*Your assignment*. Using the records below, output the stretch that opens with the line containing "line L87 (18.4175, -14.0333)" and closes with the line containing "spline S98 degree", exactly and including both lines, with nothing more.

*Given records*.
=-=-=-=-=
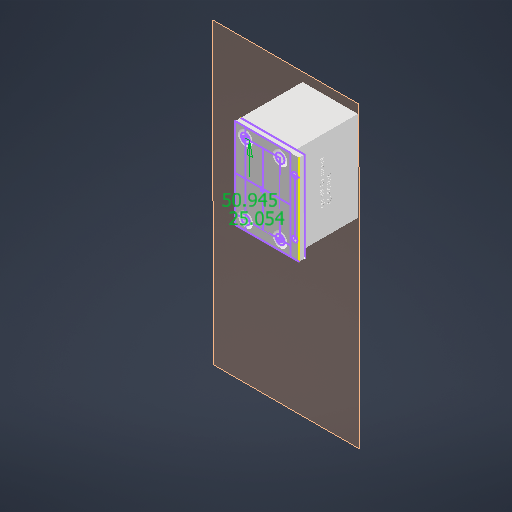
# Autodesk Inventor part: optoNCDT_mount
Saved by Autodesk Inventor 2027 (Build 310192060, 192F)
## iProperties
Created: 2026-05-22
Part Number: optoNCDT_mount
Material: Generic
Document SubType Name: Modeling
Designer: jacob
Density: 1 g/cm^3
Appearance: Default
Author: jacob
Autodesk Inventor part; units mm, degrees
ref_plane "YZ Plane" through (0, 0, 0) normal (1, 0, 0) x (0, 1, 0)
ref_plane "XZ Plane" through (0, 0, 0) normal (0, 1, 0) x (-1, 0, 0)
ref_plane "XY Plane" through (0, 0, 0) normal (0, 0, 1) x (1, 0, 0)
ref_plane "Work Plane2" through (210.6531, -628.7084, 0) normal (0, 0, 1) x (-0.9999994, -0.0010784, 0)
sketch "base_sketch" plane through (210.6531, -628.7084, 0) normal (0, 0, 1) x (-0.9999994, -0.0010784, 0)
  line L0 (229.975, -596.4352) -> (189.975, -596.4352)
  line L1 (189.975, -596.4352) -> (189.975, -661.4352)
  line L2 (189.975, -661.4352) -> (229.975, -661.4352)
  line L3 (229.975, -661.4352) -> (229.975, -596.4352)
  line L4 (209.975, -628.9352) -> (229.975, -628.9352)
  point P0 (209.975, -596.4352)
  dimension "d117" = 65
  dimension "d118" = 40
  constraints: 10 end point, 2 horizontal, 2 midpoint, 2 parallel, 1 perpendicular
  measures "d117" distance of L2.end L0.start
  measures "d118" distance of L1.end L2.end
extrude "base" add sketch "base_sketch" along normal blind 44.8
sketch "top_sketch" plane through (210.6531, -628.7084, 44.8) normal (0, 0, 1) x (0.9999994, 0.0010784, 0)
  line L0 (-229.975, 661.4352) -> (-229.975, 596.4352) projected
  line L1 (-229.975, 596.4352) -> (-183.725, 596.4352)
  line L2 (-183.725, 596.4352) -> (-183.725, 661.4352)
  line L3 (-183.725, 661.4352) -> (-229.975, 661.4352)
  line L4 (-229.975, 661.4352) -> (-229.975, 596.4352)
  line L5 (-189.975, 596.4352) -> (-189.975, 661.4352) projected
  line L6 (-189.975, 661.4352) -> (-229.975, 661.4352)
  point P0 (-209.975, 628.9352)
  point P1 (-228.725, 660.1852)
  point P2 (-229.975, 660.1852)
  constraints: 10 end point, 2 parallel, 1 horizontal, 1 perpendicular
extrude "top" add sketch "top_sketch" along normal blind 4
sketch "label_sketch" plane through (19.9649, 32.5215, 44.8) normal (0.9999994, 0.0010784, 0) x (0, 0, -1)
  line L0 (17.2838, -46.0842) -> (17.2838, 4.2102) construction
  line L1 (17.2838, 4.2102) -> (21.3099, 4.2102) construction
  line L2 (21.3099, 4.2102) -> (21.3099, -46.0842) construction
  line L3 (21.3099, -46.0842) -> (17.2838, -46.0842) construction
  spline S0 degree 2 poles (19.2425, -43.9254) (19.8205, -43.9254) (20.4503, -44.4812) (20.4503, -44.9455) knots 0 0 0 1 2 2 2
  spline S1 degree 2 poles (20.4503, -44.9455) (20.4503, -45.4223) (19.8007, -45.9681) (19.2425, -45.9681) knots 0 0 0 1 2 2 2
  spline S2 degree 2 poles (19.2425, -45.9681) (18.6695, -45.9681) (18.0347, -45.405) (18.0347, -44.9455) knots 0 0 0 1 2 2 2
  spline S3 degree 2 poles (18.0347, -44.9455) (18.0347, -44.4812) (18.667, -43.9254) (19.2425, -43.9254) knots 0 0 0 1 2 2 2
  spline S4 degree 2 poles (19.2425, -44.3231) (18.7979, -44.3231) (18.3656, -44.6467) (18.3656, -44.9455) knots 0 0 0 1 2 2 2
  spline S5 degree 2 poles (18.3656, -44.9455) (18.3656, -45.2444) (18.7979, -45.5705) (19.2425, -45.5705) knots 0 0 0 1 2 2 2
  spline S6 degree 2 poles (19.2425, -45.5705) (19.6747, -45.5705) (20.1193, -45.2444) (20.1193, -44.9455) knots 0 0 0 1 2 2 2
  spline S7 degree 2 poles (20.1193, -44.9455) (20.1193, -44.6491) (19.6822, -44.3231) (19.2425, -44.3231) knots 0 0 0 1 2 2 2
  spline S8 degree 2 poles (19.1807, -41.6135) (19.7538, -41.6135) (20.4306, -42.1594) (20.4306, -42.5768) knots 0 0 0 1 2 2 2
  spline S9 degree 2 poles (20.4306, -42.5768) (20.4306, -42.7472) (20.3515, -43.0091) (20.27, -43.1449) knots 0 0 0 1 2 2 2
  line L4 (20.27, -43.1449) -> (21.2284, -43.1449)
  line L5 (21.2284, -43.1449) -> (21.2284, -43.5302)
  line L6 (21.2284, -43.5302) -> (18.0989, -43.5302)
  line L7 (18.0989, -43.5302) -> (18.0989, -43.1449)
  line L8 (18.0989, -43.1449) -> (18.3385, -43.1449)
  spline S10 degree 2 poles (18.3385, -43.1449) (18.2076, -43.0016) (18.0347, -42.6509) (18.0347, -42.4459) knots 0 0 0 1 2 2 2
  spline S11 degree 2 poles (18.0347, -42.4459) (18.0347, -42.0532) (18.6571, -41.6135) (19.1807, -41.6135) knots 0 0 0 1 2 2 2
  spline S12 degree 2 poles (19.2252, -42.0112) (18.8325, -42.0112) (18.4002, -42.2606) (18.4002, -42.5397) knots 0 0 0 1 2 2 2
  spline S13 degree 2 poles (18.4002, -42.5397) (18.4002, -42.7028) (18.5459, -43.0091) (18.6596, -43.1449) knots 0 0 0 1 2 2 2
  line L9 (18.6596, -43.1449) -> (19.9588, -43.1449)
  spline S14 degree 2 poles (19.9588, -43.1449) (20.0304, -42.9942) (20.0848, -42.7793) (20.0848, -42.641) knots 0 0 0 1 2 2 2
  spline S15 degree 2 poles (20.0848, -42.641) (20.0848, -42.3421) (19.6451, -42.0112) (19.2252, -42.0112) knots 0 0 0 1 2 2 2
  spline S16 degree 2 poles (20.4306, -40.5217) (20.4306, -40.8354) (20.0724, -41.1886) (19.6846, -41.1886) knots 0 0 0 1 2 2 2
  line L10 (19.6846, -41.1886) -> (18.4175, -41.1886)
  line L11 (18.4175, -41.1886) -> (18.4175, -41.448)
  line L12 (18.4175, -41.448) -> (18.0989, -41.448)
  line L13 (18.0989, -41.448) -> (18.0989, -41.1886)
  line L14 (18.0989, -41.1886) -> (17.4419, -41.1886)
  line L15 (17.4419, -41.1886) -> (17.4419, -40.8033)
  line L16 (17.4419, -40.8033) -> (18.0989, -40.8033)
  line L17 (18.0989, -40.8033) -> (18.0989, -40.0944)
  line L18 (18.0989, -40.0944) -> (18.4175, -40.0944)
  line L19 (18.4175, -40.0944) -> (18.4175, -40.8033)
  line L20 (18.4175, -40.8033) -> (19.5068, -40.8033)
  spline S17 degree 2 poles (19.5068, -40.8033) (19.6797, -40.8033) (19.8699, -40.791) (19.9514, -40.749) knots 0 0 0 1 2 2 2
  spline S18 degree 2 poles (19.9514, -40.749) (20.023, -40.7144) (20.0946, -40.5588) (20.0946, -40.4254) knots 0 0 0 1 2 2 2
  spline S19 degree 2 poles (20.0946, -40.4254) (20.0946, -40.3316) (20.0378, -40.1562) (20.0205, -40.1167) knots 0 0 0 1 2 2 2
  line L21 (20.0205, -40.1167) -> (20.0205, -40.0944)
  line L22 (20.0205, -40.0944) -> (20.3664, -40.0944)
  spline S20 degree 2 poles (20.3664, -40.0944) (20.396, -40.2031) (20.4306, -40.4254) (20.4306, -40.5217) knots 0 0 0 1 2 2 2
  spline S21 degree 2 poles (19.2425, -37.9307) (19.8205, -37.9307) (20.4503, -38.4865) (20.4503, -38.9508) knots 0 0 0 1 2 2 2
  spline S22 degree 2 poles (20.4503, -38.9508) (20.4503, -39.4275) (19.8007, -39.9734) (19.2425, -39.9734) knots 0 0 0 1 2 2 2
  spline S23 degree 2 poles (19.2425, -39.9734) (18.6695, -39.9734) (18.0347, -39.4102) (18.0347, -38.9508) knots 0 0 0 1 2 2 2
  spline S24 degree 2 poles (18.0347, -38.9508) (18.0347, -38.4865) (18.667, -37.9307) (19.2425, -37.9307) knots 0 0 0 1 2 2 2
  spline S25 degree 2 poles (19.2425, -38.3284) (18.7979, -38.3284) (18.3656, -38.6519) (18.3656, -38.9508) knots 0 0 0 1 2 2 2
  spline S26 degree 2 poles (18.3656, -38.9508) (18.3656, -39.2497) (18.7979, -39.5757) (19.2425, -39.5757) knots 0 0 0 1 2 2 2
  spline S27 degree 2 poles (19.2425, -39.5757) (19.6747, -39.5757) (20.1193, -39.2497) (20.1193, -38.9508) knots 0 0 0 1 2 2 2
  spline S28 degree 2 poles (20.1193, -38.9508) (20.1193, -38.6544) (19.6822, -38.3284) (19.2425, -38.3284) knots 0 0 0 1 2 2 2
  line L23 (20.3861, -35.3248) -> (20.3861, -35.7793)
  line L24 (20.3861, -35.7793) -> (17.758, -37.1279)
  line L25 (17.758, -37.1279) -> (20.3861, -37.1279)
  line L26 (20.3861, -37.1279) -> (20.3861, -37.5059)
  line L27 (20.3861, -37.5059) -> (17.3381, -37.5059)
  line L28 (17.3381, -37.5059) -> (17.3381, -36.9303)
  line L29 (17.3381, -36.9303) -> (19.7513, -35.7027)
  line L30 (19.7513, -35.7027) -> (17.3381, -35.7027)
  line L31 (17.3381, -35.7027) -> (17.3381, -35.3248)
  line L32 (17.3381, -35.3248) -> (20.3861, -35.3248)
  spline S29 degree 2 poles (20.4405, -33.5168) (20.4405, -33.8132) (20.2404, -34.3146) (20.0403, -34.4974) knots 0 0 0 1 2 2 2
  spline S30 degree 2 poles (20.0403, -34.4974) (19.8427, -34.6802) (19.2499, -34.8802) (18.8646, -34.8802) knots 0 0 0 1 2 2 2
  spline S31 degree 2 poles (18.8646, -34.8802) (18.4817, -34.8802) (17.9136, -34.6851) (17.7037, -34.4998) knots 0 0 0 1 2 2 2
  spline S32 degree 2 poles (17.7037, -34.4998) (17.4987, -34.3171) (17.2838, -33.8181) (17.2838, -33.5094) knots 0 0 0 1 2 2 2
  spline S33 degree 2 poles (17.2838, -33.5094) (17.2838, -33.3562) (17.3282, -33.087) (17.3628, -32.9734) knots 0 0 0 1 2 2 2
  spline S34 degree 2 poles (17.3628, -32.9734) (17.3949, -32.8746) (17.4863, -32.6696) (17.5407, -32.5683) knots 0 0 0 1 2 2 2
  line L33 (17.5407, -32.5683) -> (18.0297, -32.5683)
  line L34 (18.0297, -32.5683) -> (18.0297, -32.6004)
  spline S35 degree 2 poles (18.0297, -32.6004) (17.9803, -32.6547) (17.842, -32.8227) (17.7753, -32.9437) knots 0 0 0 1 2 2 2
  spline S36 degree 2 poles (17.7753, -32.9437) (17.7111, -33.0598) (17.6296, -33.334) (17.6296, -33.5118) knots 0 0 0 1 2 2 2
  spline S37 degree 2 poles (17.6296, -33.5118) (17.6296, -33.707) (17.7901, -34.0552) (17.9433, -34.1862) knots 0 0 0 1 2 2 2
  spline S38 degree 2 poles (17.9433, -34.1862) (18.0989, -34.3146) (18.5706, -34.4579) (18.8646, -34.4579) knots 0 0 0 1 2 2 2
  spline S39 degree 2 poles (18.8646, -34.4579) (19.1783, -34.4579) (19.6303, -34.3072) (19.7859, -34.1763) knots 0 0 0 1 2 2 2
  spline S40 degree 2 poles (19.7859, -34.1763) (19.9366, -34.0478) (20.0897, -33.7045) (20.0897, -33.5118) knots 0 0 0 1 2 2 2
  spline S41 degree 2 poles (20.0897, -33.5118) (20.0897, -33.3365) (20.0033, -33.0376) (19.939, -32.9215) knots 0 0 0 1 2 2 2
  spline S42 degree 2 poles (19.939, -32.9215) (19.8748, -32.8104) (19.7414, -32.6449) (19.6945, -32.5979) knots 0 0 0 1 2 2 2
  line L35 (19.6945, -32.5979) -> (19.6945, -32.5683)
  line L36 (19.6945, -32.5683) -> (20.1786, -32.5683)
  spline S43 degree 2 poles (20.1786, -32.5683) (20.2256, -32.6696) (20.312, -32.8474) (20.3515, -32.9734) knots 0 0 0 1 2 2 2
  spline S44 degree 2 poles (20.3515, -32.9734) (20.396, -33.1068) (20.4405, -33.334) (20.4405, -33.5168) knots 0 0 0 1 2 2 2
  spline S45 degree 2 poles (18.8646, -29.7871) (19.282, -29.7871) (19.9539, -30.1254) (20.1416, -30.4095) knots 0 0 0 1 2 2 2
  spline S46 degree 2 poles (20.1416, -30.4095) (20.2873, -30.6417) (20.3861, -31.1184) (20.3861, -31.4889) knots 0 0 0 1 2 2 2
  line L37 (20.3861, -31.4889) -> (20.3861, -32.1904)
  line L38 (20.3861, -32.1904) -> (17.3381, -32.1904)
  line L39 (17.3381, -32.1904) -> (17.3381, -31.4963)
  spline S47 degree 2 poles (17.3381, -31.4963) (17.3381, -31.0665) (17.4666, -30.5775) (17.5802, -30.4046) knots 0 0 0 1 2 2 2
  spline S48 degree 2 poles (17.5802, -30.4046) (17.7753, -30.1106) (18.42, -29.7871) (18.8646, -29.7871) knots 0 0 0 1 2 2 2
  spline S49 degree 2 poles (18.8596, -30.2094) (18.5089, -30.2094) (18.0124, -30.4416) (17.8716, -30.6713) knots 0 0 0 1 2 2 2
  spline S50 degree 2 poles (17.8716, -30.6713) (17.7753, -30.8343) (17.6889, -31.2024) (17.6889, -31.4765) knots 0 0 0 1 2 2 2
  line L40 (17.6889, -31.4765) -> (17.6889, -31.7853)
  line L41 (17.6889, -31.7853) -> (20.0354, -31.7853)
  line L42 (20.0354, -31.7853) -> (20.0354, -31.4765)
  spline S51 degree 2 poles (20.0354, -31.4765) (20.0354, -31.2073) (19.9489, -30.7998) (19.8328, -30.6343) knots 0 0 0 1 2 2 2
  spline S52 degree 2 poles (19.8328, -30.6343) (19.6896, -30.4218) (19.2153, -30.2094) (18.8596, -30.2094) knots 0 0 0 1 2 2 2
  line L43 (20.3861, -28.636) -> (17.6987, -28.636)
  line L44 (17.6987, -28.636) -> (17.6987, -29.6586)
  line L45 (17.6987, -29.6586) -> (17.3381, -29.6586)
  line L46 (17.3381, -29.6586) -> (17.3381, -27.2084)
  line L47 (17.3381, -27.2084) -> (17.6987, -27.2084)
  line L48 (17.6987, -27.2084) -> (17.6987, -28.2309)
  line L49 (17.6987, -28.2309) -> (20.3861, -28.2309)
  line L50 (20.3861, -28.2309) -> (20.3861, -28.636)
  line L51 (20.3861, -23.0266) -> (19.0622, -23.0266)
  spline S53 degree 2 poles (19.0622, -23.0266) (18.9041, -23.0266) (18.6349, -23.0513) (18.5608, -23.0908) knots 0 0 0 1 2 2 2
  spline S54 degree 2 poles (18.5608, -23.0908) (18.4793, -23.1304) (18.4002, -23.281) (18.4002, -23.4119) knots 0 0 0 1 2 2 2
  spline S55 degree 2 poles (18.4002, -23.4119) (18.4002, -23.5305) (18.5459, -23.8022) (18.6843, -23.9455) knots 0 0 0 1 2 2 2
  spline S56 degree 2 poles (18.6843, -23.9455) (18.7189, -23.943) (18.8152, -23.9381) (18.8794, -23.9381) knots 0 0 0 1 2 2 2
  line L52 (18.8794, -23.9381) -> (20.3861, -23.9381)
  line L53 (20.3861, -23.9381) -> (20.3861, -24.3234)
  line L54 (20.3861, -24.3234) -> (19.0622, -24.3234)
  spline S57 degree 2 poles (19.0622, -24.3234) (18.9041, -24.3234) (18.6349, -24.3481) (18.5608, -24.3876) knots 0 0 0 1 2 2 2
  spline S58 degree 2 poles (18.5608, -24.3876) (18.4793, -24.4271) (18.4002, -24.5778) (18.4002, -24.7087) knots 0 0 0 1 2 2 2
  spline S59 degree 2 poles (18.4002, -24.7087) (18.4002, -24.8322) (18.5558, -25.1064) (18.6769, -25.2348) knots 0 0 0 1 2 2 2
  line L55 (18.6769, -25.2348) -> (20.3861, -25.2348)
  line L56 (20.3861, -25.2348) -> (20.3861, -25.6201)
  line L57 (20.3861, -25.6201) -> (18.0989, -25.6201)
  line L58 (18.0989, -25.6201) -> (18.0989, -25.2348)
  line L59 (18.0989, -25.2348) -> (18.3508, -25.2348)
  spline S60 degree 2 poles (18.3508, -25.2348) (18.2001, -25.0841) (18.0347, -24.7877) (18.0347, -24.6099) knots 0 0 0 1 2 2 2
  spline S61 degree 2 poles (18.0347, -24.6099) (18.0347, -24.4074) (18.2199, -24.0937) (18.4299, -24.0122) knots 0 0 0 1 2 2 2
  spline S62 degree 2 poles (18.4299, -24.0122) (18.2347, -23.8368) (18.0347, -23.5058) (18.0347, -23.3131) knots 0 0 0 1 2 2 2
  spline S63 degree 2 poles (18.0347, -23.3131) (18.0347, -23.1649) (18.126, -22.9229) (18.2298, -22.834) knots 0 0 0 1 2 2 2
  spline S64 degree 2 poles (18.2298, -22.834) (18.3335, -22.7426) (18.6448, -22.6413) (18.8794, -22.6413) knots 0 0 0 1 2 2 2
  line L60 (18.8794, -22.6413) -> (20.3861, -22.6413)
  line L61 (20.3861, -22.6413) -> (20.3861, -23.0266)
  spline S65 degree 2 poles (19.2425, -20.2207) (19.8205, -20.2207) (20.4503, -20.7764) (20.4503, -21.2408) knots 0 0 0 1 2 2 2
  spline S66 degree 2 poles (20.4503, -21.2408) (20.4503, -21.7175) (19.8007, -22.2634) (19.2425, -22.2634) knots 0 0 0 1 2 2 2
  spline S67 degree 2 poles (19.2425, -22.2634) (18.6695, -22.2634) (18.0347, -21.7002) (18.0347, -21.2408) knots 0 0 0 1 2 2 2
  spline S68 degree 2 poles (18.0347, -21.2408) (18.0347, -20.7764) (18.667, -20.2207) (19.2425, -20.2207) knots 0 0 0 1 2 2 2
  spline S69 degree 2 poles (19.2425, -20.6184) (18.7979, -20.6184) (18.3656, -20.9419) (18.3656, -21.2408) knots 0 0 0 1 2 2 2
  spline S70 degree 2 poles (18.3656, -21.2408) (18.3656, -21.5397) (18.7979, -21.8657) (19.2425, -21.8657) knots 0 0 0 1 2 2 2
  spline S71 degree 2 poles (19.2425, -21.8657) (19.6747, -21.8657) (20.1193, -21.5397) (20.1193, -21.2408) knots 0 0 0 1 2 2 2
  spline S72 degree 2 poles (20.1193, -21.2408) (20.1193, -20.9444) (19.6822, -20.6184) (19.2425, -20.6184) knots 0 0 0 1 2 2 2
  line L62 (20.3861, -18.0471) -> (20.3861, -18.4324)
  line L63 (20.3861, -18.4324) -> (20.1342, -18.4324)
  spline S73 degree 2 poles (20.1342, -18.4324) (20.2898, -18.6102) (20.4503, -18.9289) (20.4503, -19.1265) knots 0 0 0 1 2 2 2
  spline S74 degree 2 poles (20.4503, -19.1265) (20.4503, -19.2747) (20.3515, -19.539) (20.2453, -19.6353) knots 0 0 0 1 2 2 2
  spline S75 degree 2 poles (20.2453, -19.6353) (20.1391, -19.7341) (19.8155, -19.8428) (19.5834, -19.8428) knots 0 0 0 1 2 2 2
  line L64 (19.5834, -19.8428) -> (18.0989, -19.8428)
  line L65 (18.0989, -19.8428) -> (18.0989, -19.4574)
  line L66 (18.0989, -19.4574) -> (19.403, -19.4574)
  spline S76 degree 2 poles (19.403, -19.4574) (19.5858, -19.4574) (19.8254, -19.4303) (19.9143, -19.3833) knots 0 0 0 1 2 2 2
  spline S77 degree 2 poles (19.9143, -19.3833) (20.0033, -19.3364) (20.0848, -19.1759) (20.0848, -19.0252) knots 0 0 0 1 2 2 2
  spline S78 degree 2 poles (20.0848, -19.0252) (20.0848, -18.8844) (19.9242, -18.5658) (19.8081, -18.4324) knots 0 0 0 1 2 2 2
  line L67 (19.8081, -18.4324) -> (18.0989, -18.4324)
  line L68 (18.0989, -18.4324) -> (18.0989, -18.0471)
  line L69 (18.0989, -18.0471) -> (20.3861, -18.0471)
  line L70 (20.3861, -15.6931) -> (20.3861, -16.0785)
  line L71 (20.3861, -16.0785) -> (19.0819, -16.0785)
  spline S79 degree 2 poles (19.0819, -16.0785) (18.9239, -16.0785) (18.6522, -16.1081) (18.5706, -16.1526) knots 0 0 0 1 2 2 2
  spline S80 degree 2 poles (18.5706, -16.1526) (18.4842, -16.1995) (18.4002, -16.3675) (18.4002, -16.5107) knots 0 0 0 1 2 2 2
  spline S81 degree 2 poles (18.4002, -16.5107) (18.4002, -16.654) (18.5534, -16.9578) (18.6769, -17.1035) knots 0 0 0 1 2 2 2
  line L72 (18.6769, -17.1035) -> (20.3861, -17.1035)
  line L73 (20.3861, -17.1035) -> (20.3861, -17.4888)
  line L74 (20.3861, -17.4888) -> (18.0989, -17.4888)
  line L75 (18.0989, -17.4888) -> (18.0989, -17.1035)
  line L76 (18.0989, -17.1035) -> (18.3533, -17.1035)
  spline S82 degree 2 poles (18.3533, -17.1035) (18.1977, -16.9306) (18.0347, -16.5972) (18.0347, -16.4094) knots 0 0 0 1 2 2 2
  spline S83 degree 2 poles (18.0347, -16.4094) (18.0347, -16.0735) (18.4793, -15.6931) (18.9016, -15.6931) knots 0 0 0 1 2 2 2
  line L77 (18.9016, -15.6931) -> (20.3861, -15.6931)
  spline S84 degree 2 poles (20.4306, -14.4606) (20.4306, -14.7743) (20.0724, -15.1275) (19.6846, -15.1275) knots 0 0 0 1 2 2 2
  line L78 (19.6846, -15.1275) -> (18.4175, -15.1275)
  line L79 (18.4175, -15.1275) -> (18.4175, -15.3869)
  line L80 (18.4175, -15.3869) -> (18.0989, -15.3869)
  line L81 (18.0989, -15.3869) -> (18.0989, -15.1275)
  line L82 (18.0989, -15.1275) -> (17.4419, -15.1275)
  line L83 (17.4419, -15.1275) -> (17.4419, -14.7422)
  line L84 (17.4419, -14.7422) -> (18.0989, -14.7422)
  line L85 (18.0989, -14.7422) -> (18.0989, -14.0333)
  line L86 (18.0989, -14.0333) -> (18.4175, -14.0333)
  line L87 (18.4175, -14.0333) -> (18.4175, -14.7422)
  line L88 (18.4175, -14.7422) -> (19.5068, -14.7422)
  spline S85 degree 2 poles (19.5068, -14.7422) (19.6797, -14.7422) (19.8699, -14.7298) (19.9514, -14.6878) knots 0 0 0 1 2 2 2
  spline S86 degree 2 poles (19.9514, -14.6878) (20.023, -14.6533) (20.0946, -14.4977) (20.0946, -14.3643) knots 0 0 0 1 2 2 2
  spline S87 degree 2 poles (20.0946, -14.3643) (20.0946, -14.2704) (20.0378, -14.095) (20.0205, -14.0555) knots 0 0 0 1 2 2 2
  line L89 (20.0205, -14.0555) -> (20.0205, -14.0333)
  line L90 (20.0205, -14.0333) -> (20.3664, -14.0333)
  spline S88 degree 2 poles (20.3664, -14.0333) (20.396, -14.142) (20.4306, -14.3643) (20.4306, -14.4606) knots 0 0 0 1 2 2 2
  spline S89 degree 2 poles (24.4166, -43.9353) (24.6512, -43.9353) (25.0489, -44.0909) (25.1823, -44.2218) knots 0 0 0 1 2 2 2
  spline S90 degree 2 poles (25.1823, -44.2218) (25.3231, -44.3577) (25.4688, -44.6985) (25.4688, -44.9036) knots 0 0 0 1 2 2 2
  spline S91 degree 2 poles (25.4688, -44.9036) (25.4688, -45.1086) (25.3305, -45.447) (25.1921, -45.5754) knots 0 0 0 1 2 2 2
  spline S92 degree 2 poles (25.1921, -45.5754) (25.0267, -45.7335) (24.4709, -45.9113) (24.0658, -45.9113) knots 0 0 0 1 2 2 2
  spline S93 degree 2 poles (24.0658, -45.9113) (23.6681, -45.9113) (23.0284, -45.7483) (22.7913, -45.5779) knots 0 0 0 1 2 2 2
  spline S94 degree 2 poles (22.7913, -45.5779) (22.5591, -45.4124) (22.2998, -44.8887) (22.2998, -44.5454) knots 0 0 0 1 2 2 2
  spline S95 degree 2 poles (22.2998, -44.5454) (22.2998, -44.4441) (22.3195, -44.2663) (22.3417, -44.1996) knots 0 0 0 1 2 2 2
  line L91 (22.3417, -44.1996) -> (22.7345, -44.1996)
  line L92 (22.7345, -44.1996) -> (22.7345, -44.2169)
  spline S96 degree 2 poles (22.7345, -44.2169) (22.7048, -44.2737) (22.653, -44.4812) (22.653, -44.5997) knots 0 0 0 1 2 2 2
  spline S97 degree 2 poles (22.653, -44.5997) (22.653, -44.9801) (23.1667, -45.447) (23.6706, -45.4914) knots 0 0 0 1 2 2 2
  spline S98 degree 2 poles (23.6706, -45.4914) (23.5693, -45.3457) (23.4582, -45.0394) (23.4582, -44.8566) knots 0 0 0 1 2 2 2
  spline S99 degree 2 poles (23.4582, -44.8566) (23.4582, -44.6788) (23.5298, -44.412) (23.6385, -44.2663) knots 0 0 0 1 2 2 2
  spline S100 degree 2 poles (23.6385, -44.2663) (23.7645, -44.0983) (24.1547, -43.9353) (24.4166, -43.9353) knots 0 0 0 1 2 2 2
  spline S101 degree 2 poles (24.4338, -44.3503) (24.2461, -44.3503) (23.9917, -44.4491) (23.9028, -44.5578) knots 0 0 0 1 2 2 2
=-=-=-=-=
*Solution for this problem*.
  line L87 (18.4175, -14.0333) -> (18.4175, -14.7422)
  line L88 (18.4175, -14.7422) -> (19.5068, -14.7422)
  spline S85 degree 2 poles (19.5068, -14.7422) (19.6797, -14.7422) (19.8699, -14.7298) (19.9514, -14.6878) knots 0 0 0 1 2 2 2
  spline S86 degree 2 poles (19.9514, -14.6878) (20.023, -14.6533) (20.0946, -14.4977) (20.0946, -14.3643) knots 0 0 0 1 2 2 2
  spline S87 degree 2 poles (20.0946, -14.3643) (20.0946, -14.2704) (20.0378, -14.095) (20.0205, -14.0555) knots 0 0 0 1 2 2 2
  line L89 (20.0205, -14.0555) -> (20.0205, -14.0333)
  line L90 (20.0205, -14.0333) -> (20.3664, -14.0333)
  spline S88 degree 2 poles (20.3664, -14.0333) (20.396, -14.142) (20.4306, -14.3643) (20.4306, -14.4606) knots 0 0 0 1 2 2 2
  spline S89 degree 2 poles (24.4166, -43.9353) (24.6512, -43.9353) (25.0489, -44.0909) (25.1823, -44.2218) knots 0 0 0 1 2 2 2
  spline S90 degree 2 poles (25.1823, -44.2218) (25.3231, -44.3577) (25.4688, -44.6985) (25.4688, -44.9036) knots 0 0 0 1 2 2 2
  spline S91 degree 2 poles (25.4688, -44.9036) (25.4688, -45.1086) (25.3305, -45.447) (25.1921, -45.5754) knots 0 0 0 1 2 2 2
  spline S92 degree 2 poles (25.1921, -45.5754) (25.0267, -45.7335) (24.4709, -45.9113) (24.0658, -45.9113) knots 0 0 0 1 2 2 2
  spline S93 degree 2 poles (24.0658, -45.9113) (23.6681, -45.9113) (23.0284, -45.7483) (22.7913, -45.5779) knots 0 0 0 1 2 2 2
  spline S94 degree 2 poles (22.7913, -45.5779) (22.5591, -45.4124) (22.2998, -44.8887) (22.2998, -44.5454) knots 0 0 0 1 2 2 2
  spline S95 degree 2 poles (22.2998, -44.5454) (22.2998, -44.4441) (22.3195, -44.2663) (22.3417, -44.1996) knots 0 0 0 1 2 2 2
  line L91 (22.3417, -44.1996) -> (22.7345, -44.1996)
  line L92 (22.7345, -44.1996) -> (22.7345, -44.2169)
  spline S96 degree 2 poles (22.7345, -44.2169) (22.7048, -44.2737) (22.653, -44.4812) (22.653, -44.5997) knots 0 0 0 1 2 2 2
  spline S97 degree 2 poles (22.653, -44.5997) (22.653, -44.9801) (23.1667, -45.447) (23.6706, -45.4914) knots 0 0 0 1 2 2 2
  spline S98 degree 2 poles (23.6706, -45.4914) (23.5693, -45.3457) (23.4582, -45.0394) (23.4582, -44.8566) knots 0 0 0 1 2 2 2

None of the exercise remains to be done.